Silicone putty is great and it’s easy to get a hold of. Obviously we’ll want the body/food-safe kind, and luckily for us, there are plenty of DIY ear plug kits around. After some searching, I decided on the Radian brand, because it was cheaply found on eBay ($14) and got good reviews from a ton of places. Because I wasn’t sure how the process would go, I also bought a cheap pair of Skullcandy headphones so in case there were problems I wouldn’t ruin my Shures.
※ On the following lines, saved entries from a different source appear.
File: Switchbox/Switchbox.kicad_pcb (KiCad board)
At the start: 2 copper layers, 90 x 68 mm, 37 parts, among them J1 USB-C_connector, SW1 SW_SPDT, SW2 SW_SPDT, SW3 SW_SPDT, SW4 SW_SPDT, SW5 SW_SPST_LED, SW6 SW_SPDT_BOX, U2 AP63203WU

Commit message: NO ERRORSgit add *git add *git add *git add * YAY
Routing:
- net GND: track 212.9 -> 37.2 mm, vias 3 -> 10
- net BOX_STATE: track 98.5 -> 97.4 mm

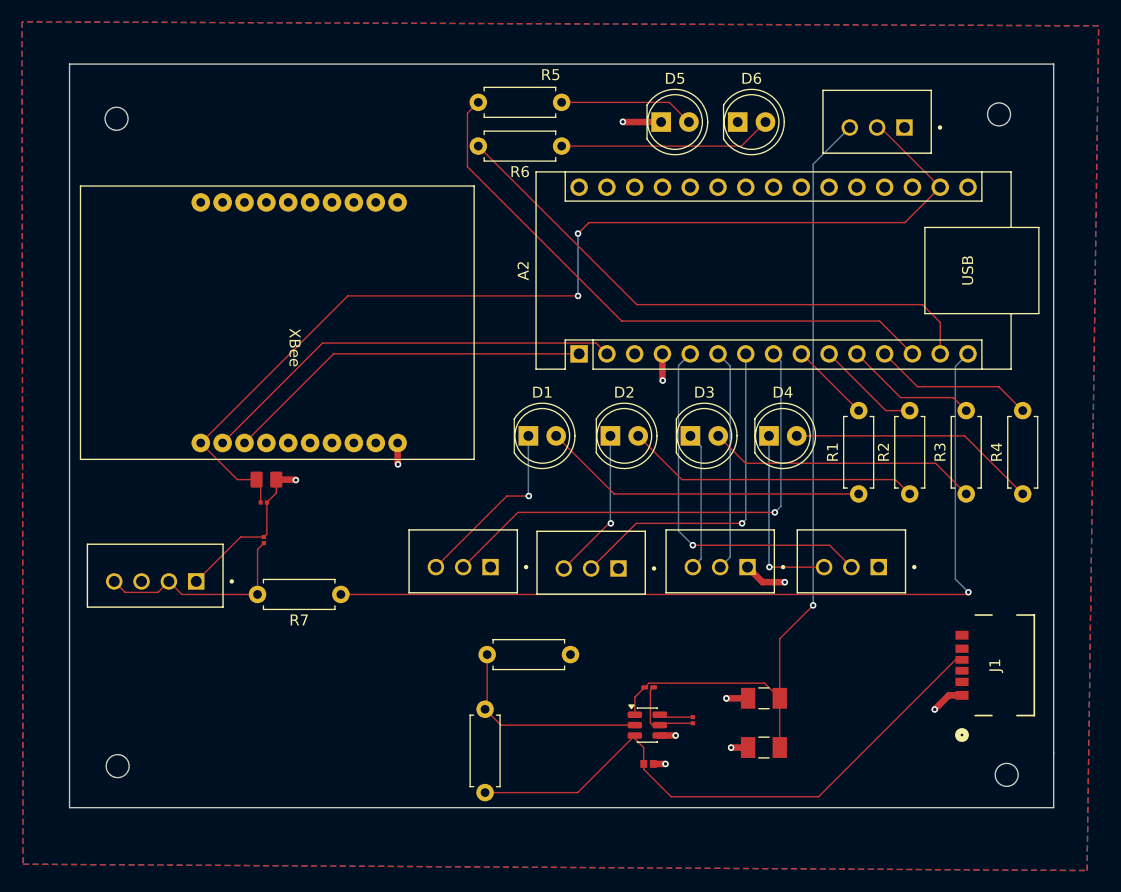
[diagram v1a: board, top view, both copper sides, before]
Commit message: added rounded edges
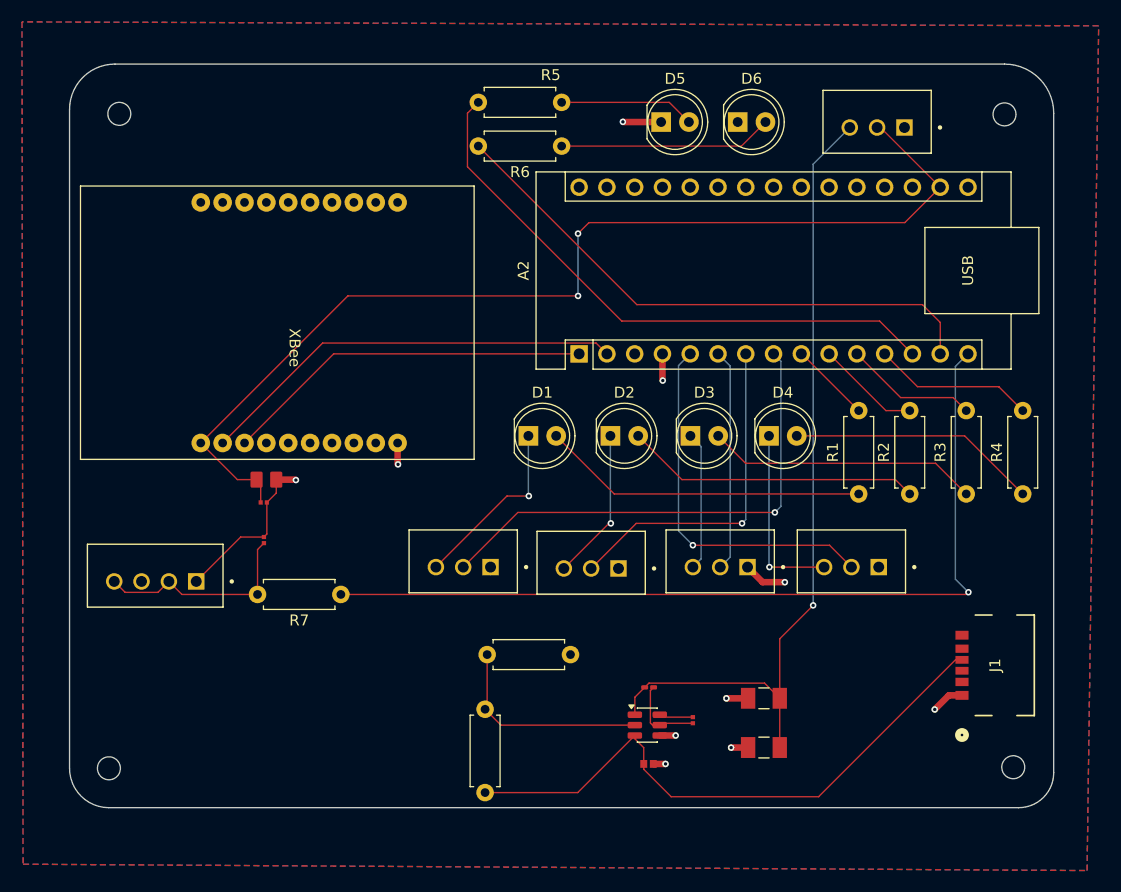
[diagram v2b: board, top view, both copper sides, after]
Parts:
- moved REF** 0.92 mm to (189.3, 149.3)
- moved REF** 0.82 mm to (106.6, 149.4)
- moved REF** 0.51 mm to (107.5, 89.5)
- moved REF** 0.50 mm to (188.5, 89.6)
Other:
- outline, holes or cut-outs redrawn
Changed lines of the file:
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@@
 	(footprint "MountingHole:MountingHole_2.1mm"
 		(layer "F.Cu")
-		(at 188.7 150)
+		(at 189.3 149.3)
 		(descr "Mounting Hole 2.1mm, no annular, generated by kicad-footprint-generator mountinghole.py")
 		(tags "mountinghole")
@@
 	(footprint "MountingHole:MountingHole_2.1mm"
 		(layer "F.Cu")
-		(at 107.3 90)
+		(at 107.55 89.55)
 		(descr "Mounting Hole 2.1mm, no annular, generated by kicad-footprint-generator mountinghole.py")
 		(tags "mountinghole")
@@
 	(footprint "MountingHole:MountingHole_2.1mm"
 		(layer "F.Cu")
-		(at 188 89.6)
+		(at 188.5 89.6)
 		(descr "Mounting Hole 2.1mm, no annular, generated by kicad-footprint-generator mountinghole.py")
 		(tags "mountinghole")
@@
 	(footprint "MountingHole:MountingHole_2.1mm"
 		(layer "F.Cu")
-		(at 107.4 149.2)
+		(at 106.6 149.4)
 		(descr "Mounting Hole 2.1mm, no annular, generated by kicad-footprint-generator mountinghole.py")
 		(tags "mountinghole")
@@
 		)
 	)
-	(gr_line
-		(start 193 85)
-		(end 193 148)
+	(gr_arc
+		(start 103 89.15)
+		(mid 104.215507 86.215507)
+		(end 107.15 85)
 		(stroke
 			(width 0.0381)
@@
 	)
 	(gr_line
-		(start 193 153)
-		(end 193 148)
+		(start 107.15 85)
+		(end 188.5 85)
+		(stroke
+			(width 0.0381)
+			(type default)
+		)
+		(layer "Edge.Cuts")
+	)
+	(gr_arc
+		(start 106.6 153)
+		(mid 104.054416 151.945584)
+		(end 103 149.4)
+		(stroke
+			(width 0.0381)
+			(type default)
+		)
+		(layer "Edge.Cuts")
+	)
+	(gr_arc
+		(start 193 149.8)
+		(mid 192.062742 152.062742)
+		(end 189.8 153)
+		(stroke
+			(width 0.0381)
+			(type default)
+		)
+		(layer "Edge.Cuts")
+	)
+	(gr_arc
+		(start 188.5 85)
+		(mid 191.681981 86.318019)
+		(end 193 89.5)
 		(stroke
 			(width 0.0381)
@@
 	)
 	(gr_line
-		(start 193 85)
-		(end 103 85)
+		(start 193 89.5)
+		(end 193 149.8)
 		(stroke
 			(width 0.0381)
@@
 	)
 	(gr_line
-		(start 103 153)
-		(end 193 153)
+		(start 103 89.15)
+		(end 103 149.4)
 		(stroke
 			(width 0.0381)
@@
 	)
 	(gr_line
-		(start 103 85)
-		(end 103 153)
+		(start 106.6 153)
+		(end 189.8 153)
 		(stroke
 			(width 0.0381)
@@
 		(min_thickness 0.25)
 		(filled_areas_thickness no)
-		(fill yes
+		(fill
 			(thermal_gap 0.5)
 			(thermal_bridge_width 0.5)

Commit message: added some silkscreen text
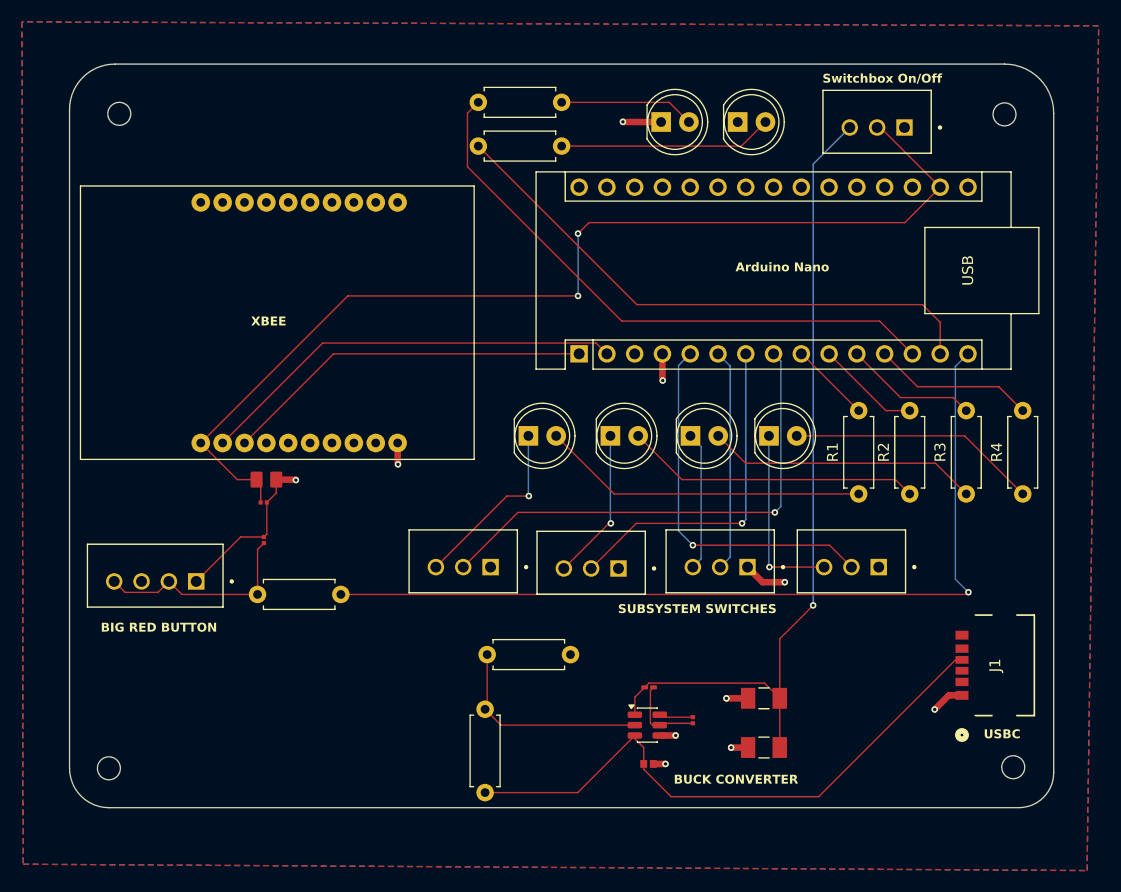
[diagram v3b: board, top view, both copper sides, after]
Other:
- board text added: "Arduino Nano"
- board text added: "BIG RED BUTTON"
- board text added: "BUCK CONVERTER"
- board text added: "SUBSYSTEM SWITCHES"
- board text added: "Switchbox On/Off"
- board text added: "USBC"
- board text added: "XBEE"
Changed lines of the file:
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@@
 			(at 1.27 -3.96 0)
 			(layer "F.SilkS")
+			(hide yes)
 			(effects
 				(font
@@
 			(at 1.27 -3.96 0)
 			(layer "F.SilkS")
+			(hide yes)
 			(effects
 				(font
@@
 			(at 1.27 -3.96 0)
 			(layer "F.SilkS")
+			(hide yes)
 			(effects
 				(font
@@
 			(at 3.81 -2.37 0)
 			(layer "F.SilkS")
+			(hide yes)
 			(effects
 				(font
@@
 			(at 1.27 -3.96 0)
 			(layer "F.SilkS")
+			(hide yes)
 			(effects
 				(font
@@
 			(at 1.27 -3.96 0)
 			(layer "F.SilkS")
+			(hide yes)
 			(effects
 				(font
@@
 			(at 1 2.5 0)
 			(layer "F.SilkS")
+			(hide yes)
 			(effects
 				(font
@@
 		)
 		(property "Value" "680"
-			(at 3.81 2.37 0)
+			(at 3.81 1.37 0)
 			(layer "F.Fab")
 			(effects
@@
 			(at 3.81 -2.37 0)
 			(layer "F.SilkS")
+			(hide yes)
 			(effects
 				(font
@@
 			(layer "F.SilkS")
 		)
-		(fp_text user "XBee"
-			(at -1 2 270)
-			(unlocked yes)
-			(layer "F.SilkS")
-			(effects
-				(font
-					(size 1 1)
-					(thickness 0.1)
-				)
-				(justify left bottom)
-			)
-		)
-		(fp_text user "${REFERENCE}"
-			(at 2 -3 270)
-			(unlocked yes)
-			(layer "F.Fab")
-			(effects
-				(font
-					(size 1 1)
-					(thickness 0.15)
-				)
-			)
-		)
 		(pad "1" thru_hole circle
 			(at -11.5 -6 90)
@@
 			(at 7.62 -5.08 90)
 			(layer "F.SilkS")
+			(hide yes)
 			(effects
 				(font
@@
 			(at 8.89 19.05 0)
 			(layer "F.Fab")
+			(hide yes)
 			(effects
 				(font
@@
 			(at 1.27 -3.96 0)
 			(layer "F.SilkS")
+			(hide yes)
 			(effects
 				(font
@@
 		(layer "Edge.Cuts")
 	)
+	(gr_text "BIG RED BUTTON\n"
+		(at 105.85 137 0)
+		(layer "F.SilkS")
+		(effects
+			(font
+				(size 0.8128 0.8128)
+				(thickness 0.1524)
+				(bold yes)
+			)
+			(justify left bottom)
+		)
+	)
+	(gr_text "SUBSYSTEM SWITCHES\n"
+		(at 153.15 135.3 0)
+		(layer "F.SilkS")
+		(effects
+			(font
+				(size 0.8128 0.8128)
+				(thickness 0.1524)
+				(bold yes)
+			)
+			(justify left bottom)
+		)
+	)
+	(gr_text "USBC"
+		(at 186.590501 146.75 0)
+		(layer "F.SilkS")
+		(effects
+			(font
+				(size 0.8128 0.8128)
+				(thickness 0.1524)
+				(bold yes)
+			)
+			(justify left bottom)
+		)
+	)
+	(gr_text "XBEE"
+		(at 119.6 109 0)
+		(layer "F.SilkS")
+		(effects
+			(font
+				(size 0.8128 0.8128)
+				(thickness 0.1524)
+				(bold yes)
+			)
+			(justify left bottom)
+		)
+	)
+	(gr_text "Switchbox On/Off"
+		(at 171.85 86.8 0)
+		(layer "F.SilkS")
+		(effects
+			(font
+				(size 0.8128 0.8128)
+				(thickness 0.1524)
+				(bold yes)
+			)
+			(justify left bottom)
+		)
+	)
+	(gr_text "BUCK CONVERTER"
+		(at 158.25 150.9 0)
+		(layer "F.SilkS")
+		(effects
+			(font
+				(size 0.8128 0.8128)
+				(thickness 0.1524)
+				(bold yes)
+			)
+			(justify left bottom)
+		)
+	)
+	(gr_text "Arduino Nano\n"
+		(at 163.9 104.05 0)
+		(layer "F.SilkS")
+		(effects
+			(font
+				(size 0.8128 0.8128)
+				(thickness 0.1524)
+				(bold yes)
+			)
+			(justify left bottom)
+		)
+	)
 	(segment

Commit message: added names
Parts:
- added G***: LOGO, LOGO, F.Cu at (116.0, 90.4)
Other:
- board text added: "Switchbox PCB SP26 Fiona Lin Nicole Zhou"
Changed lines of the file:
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@@
 		(embedded_fonts no)
 	)
+	(footprint "LOGO"
+		(layer "F.Cu")
+		(at 115.981386 90.418049)
+		(property "Reference" "G***"
+			(at 0 0 0)
+			(layer "F.SilkS")
+			(hide yes)
+			(effects
+				(font
+					(size 1.5 1.5)
+					(thickness 0.3)
+				)
+			)
+		)
+		(property "Value" "LOGO"
+			(at 0.75 0 0)
+			(layer "F.SilkS")
+			(hide yes)
+			(effects
+				(font
+					(size 1.5 1.5)
+					(thickness 0.3)
+				)
+			)
+		)
+		(property "Datasheet" ""
+			(at 0 0 0)
+			(layer "F.Fab")
+			(hide yes)
+			(effects
+				(font
+					(size 1.27 1.27)
+					(thickness 0.15)
+				)
+			)
+		)
+		(property "Description" ""
+			(at 0 0 0)
+			(layer "F.Fab")
+			(hide yes)
+			(effects
+				(font
+					(size 1.27 1.27)
+					(thickness 0.15)
+				)
+			)
+		)
+		(attr board_only exclude_from_pos_files exclude_from_bom)
+		(fp_poly
+			(pts
+				(xy -1.172331 -0.877812) (xy -1.142119 -0.829444) (xy -1.094422 -0.734718) (xy -0.997407 -0.4798)
+				(xy -0.951237 -0.224085) (xy -0.953033 -0.021328) (xy -0.967611 0.114895) (xy -0.984924 0.204809)
+				(xy -1.01576 0.260418) (xy -1.070903 0.293723) (xy -1.161139 0.316728) (xy -1.275484 0.337507) (xy -1.400253 0.360495)
+				(xy -1.507028 0.381286) (xy -1.579596 0.396672) (xy -1.597197 0.401104) (xy -1.62052 0.40034) (xy -1.616741 0.371381)
+				(xy -1.583482 0.305918) (xy -1.556691 0.259673) (xy -1.402266 -0.055653) (xy -1.284167 -0.417133)
+				(xy -1.202358 -0.824875) (xy -1.198218 -0.853535) (xy -1.189315 -0.883878)
+			)
+			(stroke
+				(width 0)
+				(type solid)
+			)
+			(fill yes)
+			(layer "F.SilkS")
+		)
+		(fp_poly
+			(pts
+				(xy -0.173183 -1.747455) (xy -0.132772 -1.724706) (xy 0.015561 -1.59468) (xy 0.135495 -1.423325)
+				(xy 0.218865 -1.224587) (xy 0.252379 -1.066816) (xy 0.267 -0.975343) (xy 0.284705 -0.931595) (xy 0.310875 -0.924474)
+				(xy 0.320007 -0.92736) (xy 0.441248 -0.966634) (xy 0.600379 -1.007697) (xy 0.77678 -1.045908) (xy 0.949829 -1.076625)
+				(xy 1.036837 -1.088731) (xy 1.261513 -1.103191) (xy 1.466921 -1.091637) (xy 1.63974 -1.055394) (xy 1.726672 -1.020073)
+				(xy 1.836685 -0.942206) (xy 1.9343 -0.837795) (xy 1.998318 -0.729649) (xy 1.999518 -0.726532) (xy 2.022694 -0.620151)
+				(xy 2.031064 -0.478621) (xy 2.025376 -0.323566) (xy 2.00638 -0.17661) (xy 1.976529 -0.06377) (xy 1.860131 0.166044)
+				(xy 1.688955 0.392121) (xy 1.467083 0.611425) (xy 1.198596 0.820922) (xy 0.887578 1.017575) (xy 0.538109 1.19835)
+				(xy 0.154273 1.360212) (xy -0.025935 1.425166) (xy -0.41761 1.545692) (xy -0.786258 1.631775) (xy -1.126275 1.682566)
+				(xy -1.432057 1.697211) (xy -1.683988 1.677145) (xy -1.809565 1.653655) (xy -1.938512 1.624003)
+				(xy -1.993026 1.609223) (xy -2.133836 1.567875) (xy -1.883662 1.54756) (xy -1.710786 1.530333) (xy -1.54897 1.50839)
+				(xy -1.411173 1.483934) (xy -1.310356 1.459166) (xy -1.269492 1.443244) (xy -1.271162 1.420023)
+				(xy -1.327797 1.378278) (xy -1.439737 1.317766) (xy -1.460801 1.30731) (xy -1.631255 1.210542) (xy -1.787878 1.091015)
+				(xy -1.905736 0.980723) (xy -1.99487 0.889714) (xy -2.065734 0.813196) (xy -2.109442 0.761017) (xy -2.11912 0.744307)
+				(xy -2.091301 0.734873) (xy -2.012104 0.715436) (xy -1.887923 0.687295) (xy -1.725149 0.651751)
+				(xy -1.530173 0.610103) (xy -1.309389 0.563651) (xy -1.069188 0.513694) (xy -0.815961 0.461533)
+				(xy -0.556102 0.408468) (xy -0.296002 0.355797) (xy -0.042052 0.304821) (xy 0.199354 0.256839) (xy 0.421825 0.213151)
+				(xy 0.618969 0.175058) (xy 0.784394 0.143859) (xy 0.911708 0.120853) (xy 0.994519 0.10734) (xy 1.026434 0.10462)
+				(xy 1.026496 0.104671) (xy 1.01485 0.130722) (xy 0.973624 0.188576) (xy 0.913385 0.263711) (xy 0.84509 0.351195)
+				(xy 0.819527 0.398651) (xy 0.836193 0.405447) (xy 0.894587 0.370956) (xy 0.959858 0.322038) (xy 1.122123 0.163919)
+				(xy 1.246783 -0.020723) (xy 1.325384 -0.217997) (xy 1.343647 -0.308444) (xy 1.347004 -0.425172)
+				(xy 1.318048 -0.51439) (xy 1.252216 -0.578419) (xy 1.144945 -0.619577) (xy 0.991668 -0.640184) (xy 0.787824 -0.642561)
+				(xy 0.693209 -0.639027) (xy 0.550855 -0.630965) (xy 0.427299 -0.62158) (xy 0.335996 -0.612051) (xy 0.290887 -0.603753)
+				(xy 0.25685 -0.565477) (xy 0.219581 -0.483452) (xy 0.193057 -0.399729) (xy 0.135075 -0.213385) (xy 0.073176 -0.064419)
+				(xy 0.010673 0.040726) (xy -0.04912 0.095604) (xy -0.064397 0.100973) (xy -0.220531 0.133542) (xy -0.376512 0.164004)
+				(xy -0.521443 0.190467) (xy -0.644429 0.211042) (xy -0.734572 0.22384) (xy -0.780977 0.226969) (xy -0.784613 0.225892)
+				(xy -0.783892 0.192425) (xy -0.76647 0.122334) (xy -0.749257 0.069012) (xy -0.71617 -0.065419) (xy -0.693578 -0.236305)
+				(xy -0.682662 -0.421977) (xy -0.6846 -0.600769) (xy -0.700575 -0.751011) (xy -0.70371 -0.767151)
+				(xy -0.746382 -0.916427) (xy -0.812505 -1.08457) (xy -0.891376 -1.247642) (xy -0.972295 -1.381704)
+				(xy -0.988161 -1.403425) (xy -1.042652 -1.484077) (xy -1.051526 -1.531717) (xy -1.011228 -1.554514)
+				(xy -0.919757 -1.560628) (xy -0.675715 -1.587166) (xy -0.429416 -1.666195) (xy -0.362729 -1.696076)
+				(xy -0.271889 -1.736952) (xy -0.214891 -1.753308)
+			)
+			(stroke
+				(width 0)
+				(type solid)
+			)
+			(fill yes)
+			(layer "F.SilkS")
+		)
+		(embedded_fonts no)
+	)
 	(footprint "switchbox_footprints:4_pin_header"
 		(layer "F.Cu")
@@
 				(bold yes)
 			)
+			(justify left bottom)
+		)
+	)
+	(gr_text "Switchbox PCB\nSP26\nFiona Lin\nNicole Zhou"
+		(at 119 93 0)
+		(layer "F.SilkS")
+		(effects
+			(font
+				(size 0.9 0.9)
+				(thickness 0.14)
+				(bold yes)
+			)

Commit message: added fish
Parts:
- added G***: LOGO, LOGO, F.Cu at (178.6, 138.5)
- added G***: LOGO, LOGO, F.Cu at (180.9, 149.3)
- added G***: LOGO, LOGO, F.Cu at (173.7, 143.0)

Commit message: I'D LIKE TO BE UNDER THE SEA IN AN OCTOPUS'S GARDEN IN THE SHAAAAAADE
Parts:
- added G***: LOGO, LOGO, F.Cu at (127.5, 143.5)

Disclaimer: In this project, you’re sticking something in your ear. You’re also using sharp tools. As long as you’re very careful and use some common sense, you’ll be fine. All the same, there are hazards to be wary of so you’re assuming responsibility if anything goes wrong down the line. Again, it’s highly unlikely, but there are risks, so read all of the instructions several times before you do it yourself.

How To Mold

Get your earphones ready by taking off the sleeves.

remove sleeve 1

These Skullcandys look different from my Shures, and the little valley will ensure that the plugs don’t come off of the headphones.

remove sleeve 3

Open up the ear plug package and take a look at the contents.

package 2

Read the instructions. Even though you’re following this guide, it’s important to read what they gave you as well, especially if your kit is a different brand.

instuctions 1

Here are the separated putties. The putty comes in two separated gobs. When you knead the two parts together, that’ll cause the reaction which will allow it to set. If your ears are small enough, you might be able to use half for both ears, so you can create a backup set.

putty 2

Once you knead the two together, it will set whether you use it or not, so approximate as best you can and whatever you don’t use, keep as separate and store away.

knead 2

It’ll start off striated, but as you knead, it’ll blend into one solid color. It’ll also warm up to body temperature, which will make it more comfortable when you insert it.

knead 5

Now we’re ready to go. Find something you can put between your teeth so that you can keep your mouth open. I used a mouthwash cap.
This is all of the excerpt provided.